Our team has recently started to use GKE, but have encountered an intermittent problem on some of our pods that serve HTTP on port 8080. Other pods in the cluster, even on the same node, get a "connection refused" response when trying to connect using its cluster IP:
$ kubectl run -i --tty busybox --image=busybox --restart=Never -- sh!
/ # ping 10.28.2.141
PING 10.28.2.141 (10.28.2.141): 56 data bytes
64 bytes from 10.28.2.141: seq=0 ttl=62 time=2.212 ms
64 bytes from 10.28.2.141: seq=1 ttl=62 time=1.993 ms
64 bytes from 10.28.2.141: seq=2 ttl=62 time=4.662 ms
^C
--- 10.28.2.141 ping statistics ---
3 packets transmitted, 3 packets received, 0% packet loss
round-trip min/avg/max = 1.993/2.955/4.662 ms
/ # wget http://10.28.2.141:8080/health-check
Connecting to 10.28.2.141:8080 (10.28.2.141:8080)
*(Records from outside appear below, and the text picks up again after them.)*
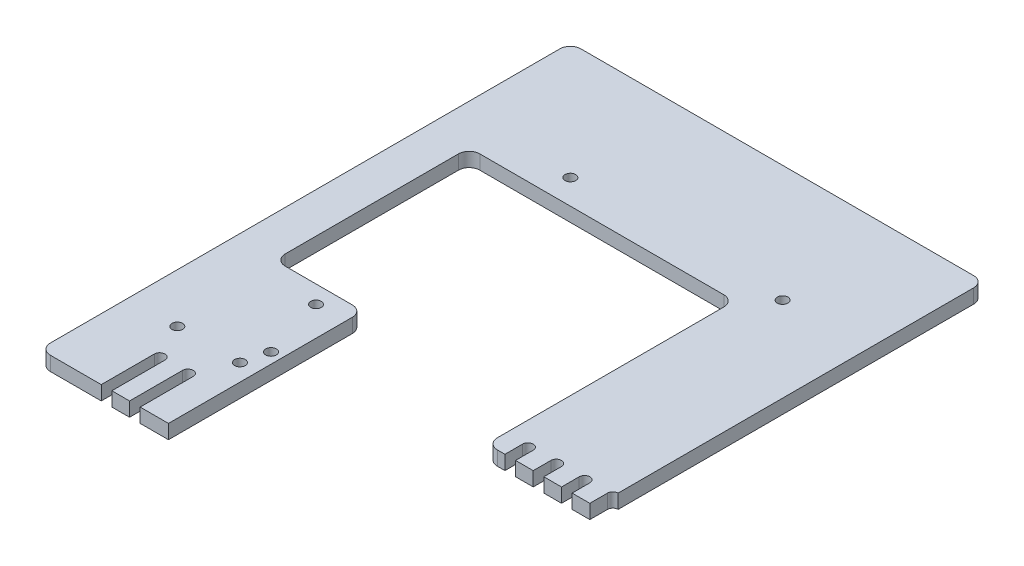
SolidWorks part; units mm, degrees
ref_plane "前视基准面" through (0, 0, 0) normal (0, 0, 1) x (1, 0, 0)
ref_plane "上视基准面" through (0, 0, 0) normal (0, 1, 0) x (1, 0, 0)
ref_plane "右视基准面" through (0, 0, 0) normal (1, 0, 0) x (0, 0, -1)
other "Configuration Table"
sketch "草图1" plane through (0, 0, 0) normal (0, 1, 0) x (1, 0, 0)
  line L5 (-51.0973, -171.2423) -> (-45.0973, -171.2423)
  line L6 (-45.0973, -171.2423) -> (-45.0973, -177.2423)
  line L7 (-45.0973, -177.2423) -> (-51.0973, -177.2423)
  line L8 (-80.0973, -171.2423) -> (-86.0973, -171.2423)
  line L12 (-86.0973, -171.2423) -> (-86.0973, -177.2423)
  line L13 (-86.0973, -177.2423) -> (-80.0973, -177.2423)
  line L14 (-80.0973, -113.2423) -> (-86.0973, -113.2423)
  line L37 (-88.3873, -92.2423) -> (105.4227, -92.2423) construction
  line L38 (105.4227, -92.2423) -> (105.4227, -192.2423) construction
  line L39 (105.4227, -192.2423) -> (-88.3873, -192.2423) construction
  line L40 (-88.3873, -192.2423) -> (-88.3873, -92.2423) construction
  line L42 (-105.0973, -197.2423) -> (122.1327, -197.2423)
  line L43 (122.1327, -197.2423) -> (122.1327, -87.2423)
  line L44 (122.1327, -87.2423) -> (-105.0973, -87.2423)
  line L46 (-105.0973, -87.2423) -> (-105.0973, -197.2423)
  line L48 (-80.0973, -87.2423) -> (-80.0973, -113.7423)
  line L49 (-80.0973, -113.7423) -> (-51.0973, -113.7423)
  line L50 (-51.0973, -113.7423) -> (-51.0973, -87.2423)
  line L52 (-80.0973, -197.2423) -> (-80.0973, -170.7423)
  line L53 (-80.0973, -170.7423) -> (-51.0973, -170.7423)
  line L54 (-51.0973, -170.7423) -> (-51.0973, -197.2423)
  line L56 (97.1327, -87.2423) -> (97.1327, -113.7423)
  line L57 (97.1327, -113.7423) -> (68.1327, -113.7423)
  line L58 (68.1327, -113.7423) -> (68.1327, -87.2423)
  line L60 (68.1327, -197.2423) -> (68.1327, -170.7423)
  line L61 (68.1327, -170.7423) -> (97.1327, -170.7423)
  line L62 (97.1327, -170.7423) -> (97.1327, -197.2423)
  line L63 (-86.0973, -113.2423) -> (-86.0973, -107.2423)
  line L64 (-86.0973, -107.2423) -> (-80.0973, -107.2423)
  line L66 (-51.0973, -107.2423) -> (-45.0973, -107.2423)
  line L67 (-45.0973, -107.2423) -> (-45.0973, -113.2423)
  line L68 (-45.0973, -113.2423) -> (-51.0973, -113.2423)
  line L70 (-86.0973, -110.2423) -> (-80.0973, -110.2423) construction
  line L72 (-83.0973, -107.2423) -> (-83.0973, -113.2423) construction
  line L73 (-51.0973, -110.2423) -> (-45.0973, -110.2423) construction
  line L74 (-48.0973, -107.2423) -> (-48.0973, -113.2423) construction
  line L75 (-86.0973, -174.2423) -> (-80.0973, -174.2423) construction
  line L76 (-83.0973, -171.2423) -> (-83.0973, -177.2423) construction
  line L77 (-48.0973, -171.2423) -> (-48.0973, -177.2423) construction
  line L78 (-45.0973, -174.2423) -> (-51.0973, -174.2423) construction
  line L79 (68.1327, -171.2423) -> (62.1327, -171.2423)
  line L80 (62.1327, -171.2423) -> (62.1327, -177.2423)
  line L81 (62.1327, -177.2423) -> (68.1327, -177.2423)
  line L82 (68.1327, -107.2423) -> (62.1327, -107.2423)
  line L83 (62.1327, -107.2423) -> (62.1327, -113.2423)
  line L84 (62.1327, -113.2423) -> (68.1327, -113.2423)
  line L85 (97.1327, -107.2423) -> (103.1327, -107.2423)
  line L86 (103.1327, -107.2423) -> (103.1327, -113.2423)
  line L87 (103.1327, -113.2423) -> (97.1327, -113.2423)
  line L88 (97.1327, -171.2423) -> (103.1327, -171.2423)
  line L89 (103.1327, -171.2423) -> (103.1327, -177.2423)
  line L90 (103.1327, -177.2423) -> (97.1327, -177.2423)
  line L91 (65.1327, -107.2423) -> (65.1327, -113.2423) construction
  line L92 (62.1327, -110.2423) -> (68.3912, -110.2423) construction
  line L93 (97.1327, -110.2423) -> (103.1327, -110.2423) construction
  line L94 (100.1327, -107.2423) -> (100.1327, -113.2423) construction
  line L95 (62.1327, -174.2423) -> (68.3912, -174.2423) construction
  line L96 (65.1327, -171.2423) -> (65.1327, -177.2423) construction
  line L97 (97.1327, -174.2423) -> (103.1327, -174.2423) construction
  line L98 (100.1327, -171.2423) -> (100.1327, -177.2423) construction
  line L99 (-105.0973, -142.2423) -> (122.1327, -142.2423) construction
  line L100 (8.5177, -87.2423) -> (8.5177, -197.2423) construction
  line L101 (8.5177, -97.2423) -> (8.5177, -137.2423) construction
  line L104 (10.0177, -97.2423) -> (10.0177, -137.2423)
  line L107 (7.0177, -97.2423) -> (7.0177, -137.2423)
  line L110 (8.5177, -147.2423) -> (8.5177, -187.2423) construction
  line L113 (10.0177, -147.2423) -> (10.0177, -187.2423)
  line L114 (7.0177, -147.2423) -> (7.0177, -187.2423)
  line L115 (16.5177, -97.2423) -> (16.5177, -137.2423) construction
  line L116 (18.0177, -97.2423) -> (18.0177, -137.2423)
  line L117 (15.0177, -97.2423) -> (15.0177, -137.2423)
  line L118 (16.5177, -147.2423) -> (16.5177, -187.2423) construction
  line L119 (18.0177, -147.2423) -> (18.0177, -187.2423)
  line L120 (15.0177, -147.2423) -> (15.0177, -187.2423)
  line L121 (24.5177, -97.2423) -> (24.5177, -137.2423) construction
  line L122 (26.0177, -97.2423) -> (26.0177, -137.2423)
  line L123 (23.0177, -97.2423) -> (23.0177, -137.2423)
  line L124 (24.5177, -147.2423) -> (24.5177, -187.2423) construction
  line L125 (26.0177, -147.2423) -> (26.0177, -187.2423)
  line L126 (23.0177, -147.2423) -> (23.0177, -187.2423)
  line L127 (32.5177, -97.2423) -> (32.5177, -137.2423) construction
  line L128 (34.0177, -97.2423) -> (34.0177, -137.2423)
  line L129 (31.0177, -97.2423) -> (31.0177, -137.2423)
  line L130 (40.5177, -97.2423) -> (40.5177, -137.2423) construction
  line L131 (42.0177, -97.2423) -> (42.0177, -137.2423)
  line L132 (39.0177, -97.2423) -> (39.0177, -137.2423)
  line L133 (32.5177, -147.2423) -> (32.5177, -187.2423) construction
  line L136 (40.5177, -147.2423) -> (40.5177, -187.2423) construction
  line L137 (42.0177, -147.2423) -> (42.0177, -187.2423)
  line L138 (39.0177, -147.2423) -> (39.0177, -187.2423)
  line L139 (34.0177, -147.2423) -> (34.0177, -187.2423)
  line L140 (31.0177, -147.2423) -> (31.0177, -187.2423)
  line L141 (0.5177, -97.2423) -> (0.5177, -137.2423) construction
  line L142 (2.0177, -97.2423) -> (2.0177, -137.2423)
  line L143 (-0.9823, -97.2423) -> (-0.9823, -137.2423)
  line L144 (-7.4823, -97.2423) -> (-7.4823, -137.2423) construction
  line L145 (-5.9823, -97.2423) -> (-5.9823, -137.2423)
  line L146 (-8.9823, -97.2423) -> (-8.9823, -137.2423)
  line L147 (-15.4823, -97.2423) -> (-15.4823, -137.2423) construction
  line L148 (-13.9823, -97.2423) -> (-13.9823, -137.2423)
  line L149 (-16.9823, -97.2423) -> (-16.9823, -137.2423)
  line L150 (-23.4823, -97.2423) -> (-23.4823, -137.2423) construction
  line L151 (-21.9823, -97.2423) -> (-21.9823, -137.2423)
  line L152 (-24.9823, -97.2423) -> (-24.9823, -137.2423)
  line L153 (0.5177, -147.2423) -> (0.5177, -187.2423) construction
  line L154 (2.0177, -147.2423) -> (2.0177, -187.2423)
  line L155 (-0.9823, -147.2423) -> (-0.9823, -187.2423)
  line L156 (-7.4823, -147.2423) -> (-7.4823, -187.2423) construction
  line L157 (-5.9823, -147.2423) -> (-5.9823, -187.2423)
  line L158 (-8.9823, -147.2423) -> (-8.9823, -187.2423)
  line L159 (-15.4823, -147.2423) -> (-15.4823, -187.2423) construction
  line L160 (-13.9823, -147.2423) -> (-13.9823, -187.2423)
  line L161 (-16.9823, -147.2423) -> (-16.9823, -187.2423)
  line L162 (-23.4823, -147.2423) -> (-23.4823, -187.2423) construction
  line L163 (-21.9823, -147.2423) -> (-21.9823, -187.2423)
  line L164 (-24.9823, -147.2423) -> (-24.9823, -187.2423)
  line L165 (-102.5973, -117.2423) -> (-102.5973, -167.2423) construction
  line L166 (-84.8973, -117.2423) -> (-84.8973, -167.2423) construction
  line L167 (119.6327, -117.2423) -> (119.6327, -167.2423) construction
  line L168 (119.6327, -167.2423) -> (101.9327, -167.2423) construction
  line L169 (101.9327, -167.2423) -> (101.9327, -117.2423) construction
  line L170 (101.9327, -117.2423) -> (119.6327, -117.2423) construction
  line L171 (-30.0973, -87.2423) -> (-30.0973, -102.2423)
  line L174 (-30.0973, -102.2423) -> (47.1327, -102.2423)
  line L177 (47.1327, -102.2423) -> (47.1327, -87.2423)
  line L180 (-30.0973, -197.2423) -> (-30.0973, -182.2423)
  line L183 (-57.5973, -147.2423) -> (-57.5973, -160.7423) construction
  line L186 (-56.0973, -147.2423) -> (-56.0973, -160.7423)
  line L189 (-59.0973, -147.2423) -> (-59.0973, -160.7423)
  line L190 (-97.5973, -127.2423) -> (-97.5973, -157.2423) construction
  line L191 (-96.0973, -127.2423) -> (-96.0973, -157.2423)
  line L192 (-99.0973, -127.2423) -> (-99.0973, -157.2423)
  line L193 (-89.5973, -127.2423) -> (-89.5973, -157.2423) construction
  line L194 (-88.0973, -127.2423) -> (-88.0973, -157.2423)
  line L195 (-91.0973, -127.2423) -> (-91.0973, -157.2423)
  line L196 (-65.5973, -147.2423) -> (-65.5973, -160.7423) construction
  line L197 (-64.0973, -147.2423) -> (-64.0973, -160.7423)
  line L198 (-67.0973, -147.2423) -> (-67.0973, -160.7423)
  line L199 (-73.5973, -147.2423) -> (-73.5973, -160.7423) construction
  line L200 (-72.0973, -147.2423) -> (-72.0973, -160.7423)
  line L201 (-75.0973, -147.2423) -> (-75.0973, -160.7423)
  line L202 (-73.5973, -137.2423) -> (-73.5973, -123.7423) construction
  line L203 (-75.0973, -137.2423) -> (-75.0973, -123.7423)
  line L204 (-72.0973, -137.2423) -> (-72.0973, -123.7423)
  line L205 (-65.5973, -137.2423) -> (-65.5973, -123.7423) construction
  line L206 (-67.0973, -137.2423) -> (-67.0973, -123.7423)
  line L207 (-64.0973, -137.2423) -> (-64.0973, -123.7423)
  line L208 (-57.5973, -137.2423) -> (-57.5973, -123.7423) construction
  line L209 (-59.0973, -137.2423) -> (-59.0973, -123.7423)
  line L210 (-56.0973, -137.2423) -> (-56.0973, -123.7423)
  line L211 (114.6327, -127.2423) -> (114.6327, -157.2423) construction
  line L212 (116.1327, -127.2423) -> (116.1327, -157.2423)
  line L213 (113.1327, -127.2423) -> (113.1327, -157.2423)
  line L214 (106.6327, -127.2423) -> (106.6327, -157.2423) construction
  line L215 (108.1327, -127.2423) -> (108.1327, -157.2423)
  line L216 (105.1327, -127.2423) -> (105.1327, -157.2423)
  line L217 (83.8086, -123.7423) -> (83.8086, -137.2423) construction
  line L218 (85.3086, -123.7423) -> (85.3086, -137.2423)
  line L219 (82.3086, -123.7423) -> (82.3086, -137.2423)
  line L220 (83.8086, -147.2423) -> (83.8086, -160.7423) construction
  line L221 (85.3086, -147.2423) -> (85.3086, -160.7423)
  line L222 (82.3086, -147.2423) -> (82.3086, -160.7423)
  line L223 (75.8086, -123.7423) -> (75.8086, -137.2423) construction
  line L224 (77.3086, -123.7423) -> (77.3086, -137.2423)
  line L225 (74.3086, -123.7423) -> (74.3086, -137.2423)
  line L226 (75.8086, -147.2423) -> (75.8086, -160.7423) construction
  line L227 (77.3086, -147.2423) -> (77.3086, -160.7423)
  line L228 (74.3086, -147.2423) -> (74.3086, -160.7423)
  line L229 (91.8086, -123.7423) -> (91.8086, -137.2423) construction
  line L230 (93.3086, -123.7423) -> (93.3086, -137.2423)
  line L231 (90.3086, -123.7423) -> (90.3086, -137.2423)
  line L232 (91.8086, -147.2423) -> (91.8086, -160.7423) construction
  line L233 (93.3086, -147.2423) -> (93.3086, -160.7423)
  line L234 (90.3086, -147.2423) -> (90.3086, -160.7423)
  line L235 (-141.4823, -142.2423) -> (158.5177, -142.2423) construction
  line L236 (-141.4823, 7.7577) -> (158.5177, 7.7577)
  line L237 (-141.4823, 7.7577) -> (-141.4823, -292.2423)
  line L238 (-141.4823, -292.2423) -> (158.5177, -292.2423)
  line L239 (158.5177, 7.7577) -> (158.5177, -292.2423)
  line L240 (-105.0973, -87.2423) -> (-105.0973, -32.2423) construction
  line L241 (-105.0973, -32.2423) -> (-30.0973, -32.2423) construction
  line L242 (-30.0973, -32.2423) -> (-30.0973, -87.2423) construction
  line L243 (-105.0973, -197.2423) -> (-105.0973, -252.2423) construction
  line L244 (-105.0973, -252.2423) -> (-30.0973, -252.2423) construction
  line L245 (-30.0973, -252.2423) -> (-30.0973, -197.2423) construction
  line L246 (122.1327, -87.2423) -> (122.1327, -32.2423) construction
  line L247 (122.1327, -32.2423) -> (47.1327, -32.2423) construction
  line L248 (47.1327, -32.2423) -> (47.1327, -87.2423) construction
  line L249 (122.1327, -197.2423) -> (122.1327, -252.2423) construction
  line L250 (122.1327, -252.2423) -> (47.1327, -252.2423) construction
  line L251 (47.1327, -252.2423) -> (47.1327, -197.2423) construction
  line L252 (-105.0973, -87.2423) -> (-105.0973, -32.2423)
  line L253 (-105.0973, -32.2423) -> (-30.0973, -32.2423)
  line L254 (-30.0973, -32.2423) -> (-30.0973, -87.2423)
  line L255 (47.1327, -87.2423) -> (47.1327, -32.2423)
  line L256 (47.1327, -32.2423) -> (122.1327, -32.2423)
  line L257 (122.1327, -32.2423) -> (122.1327, -87.2423)
  line L258 (-105.0973, -197.2423) -> (-105.0973, -252.2423)
  line L259 (-105.0973, -252.2423) -> (-30.0973, -252.2423)
  line L260 (-30.0973, -252.2423) -> (-30.0973, -197.2423)
  line L261 (47.1327, -197.2423) -> (47.1327, -252.2423)
  line L262 (47.1327, -252.2423) -> (122.1327, -252.2423)
  line L263 (122.1327, -252.2423) -> (122.1327, -197.2423)
  line L264 (-80.0973, -113.7423) -> (-80.0973, -171.2423)
  line L265 (97.1327, -113.7423) -> (97.1327, -170.7423)
  line L266 (-30.0973, -182.2423) -> (47.1327, -182.2423)
  line L267 (47.1327, -182.2423) -> (47.1327, -197.2423)
  line L268 (-141.4823, -142.2423) -> (158.5177, -142.2423)
  line L269 (-116.4823, 7.7577) -> (-116.4823, -292.2423)
  line L270 (158.5177, 7.7577) -> (183.5177, 7.7577)
  line L271 (183.5177, 7.7577) -> (183.5177, -292.2423)
  line L272 (183.5177, -292.2423) -> (158.5177, -292.2423)
  line L273 (158.5177, -142.2423) -> (183.5177, -142.2423)
  line L274 (143.5177, -89.7423) -> (143.5177, -194.7423) construction
  line L275 (143.5177, -89.7423) -> (143.5177, -79.2423) construction
  line L276 (143.5177, -89.7423) -> (154.0177, -89.7423) construction
  line L277 (143.5177, -194.7423) -> (143.5177, -205.2423) construction
  line L278 (143.5177, -194.7423) -> (154.0177, -194.7423) construction
  line L279 (0.5177, 7.7577) -> (0.5177, -95.7423)
  circle A9 centre (-88.3873, -92.2423) radius 1.5
  circle A10 centre (105.4227, -92.2423) radius 1.5
  circle A11 centre (105.4227, -192.2423) radius 1.5
  circle A12 centre (-88.3873, -192.2423) radius 1.5
  circle A13 centre (-37.0973, -92.2423) radius 1.5
  circle A14 centre (-37.0973, -192.2423) radius 1.5
  circle A15 centre (54.1327, -192.2423) radius 1.5
  circle A16 centre (54.1327, -92.2423) radius 1.5
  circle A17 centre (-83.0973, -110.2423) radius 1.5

wget: can't connect to remote host (10.28.2.141): Connection refused
However, the service is indeed running and listening on that port: if I exec
onto the pod and run the same command, it works happily.
For other almost identical pods, this connectivity works correctly, but intermittently some fraction (maybe 10-20%) of pods end up in this state.
There are no errors in the pod logs.
This is a freshly provisioned GKE cluster on version 1.11.6-gke.3 with two nodes, no network policies, and Istio is not installed.
Any ideas on what the problem might be, or how to diagnose further? Happy to add any other information if it would be useful.